What is required =
Your copy of the data should match it exactly, leaving out only the pictures.

Extracted information =

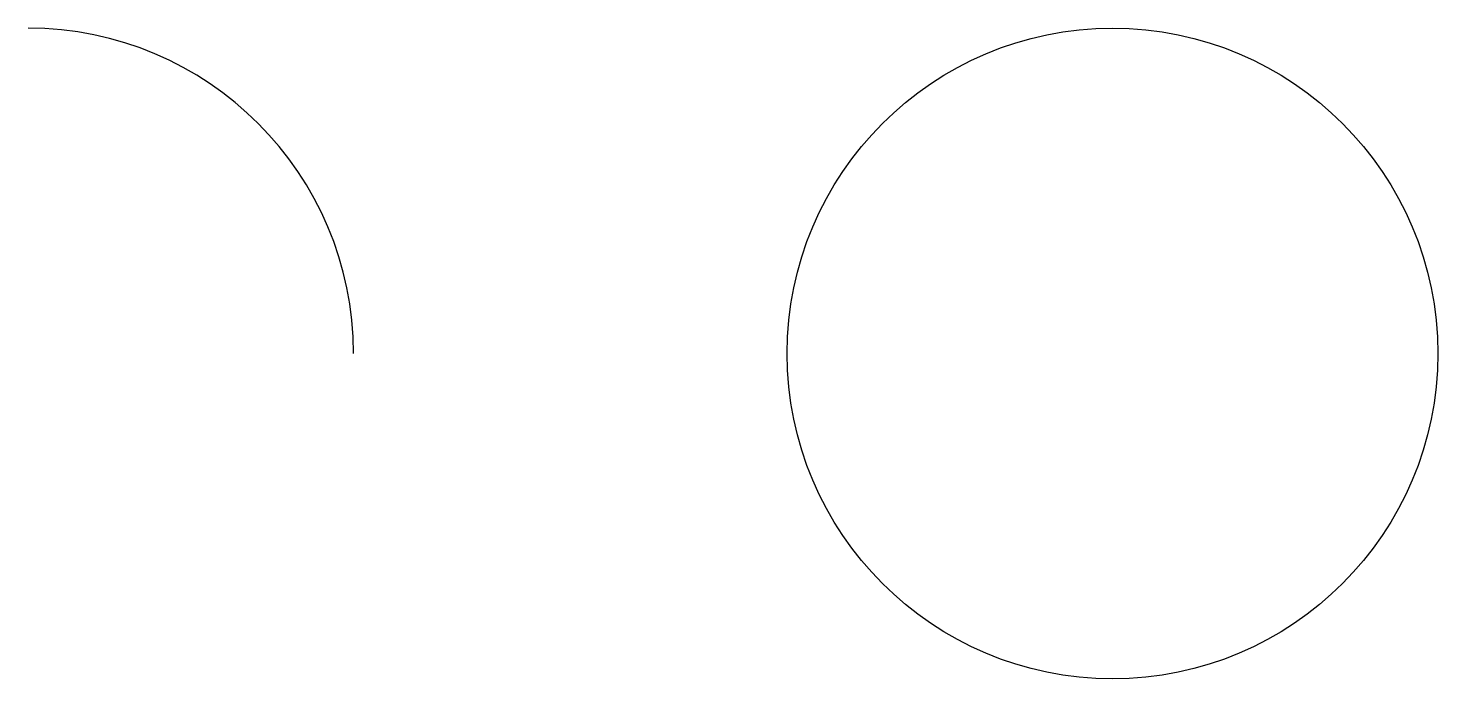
# Model space of a CAD drawing. Header units: inches. Extents: x 10 to 23, y 7 to 13.
import ezdxf

# ---------------------------------------------------------------- set-up
doc = ezdxf.new("R2010")
doc.units = ezdxf.units.IN
doc.layers.get('0').update_dxf_attribs({"linetype": 'CONTINUOUS'})

msp = doc.modelspace()

# ---------------------------------------------------------------- linework, layer by layer
msp.add_circle((20, 10), 3)
msp.add_arc((10, 10), 3, 0, 90)

doc.saveas('drawing.dxf')

Answer to this problem =
# Model space of a CAD drawing. Header units: inches. Extents: x 10 to 23, y 7 to 13.
import ezdxf

# ---------------------------------------------------------------- set-up
doc = ezdxf.new("R2010")
doc.units = ezdxf.units.IN
doc.layers.get('0').update_dxf_attribs({"linetype": 'CONTINUOUS'})

msp = doc.modelspace()

# ---------------------------------------------------------------- linework, layer by layer
msp.add_circle((20, 10), 3)
msp.add_arc((10, 10), 3, 0, 90)

doc.saveas('drawing.dxf')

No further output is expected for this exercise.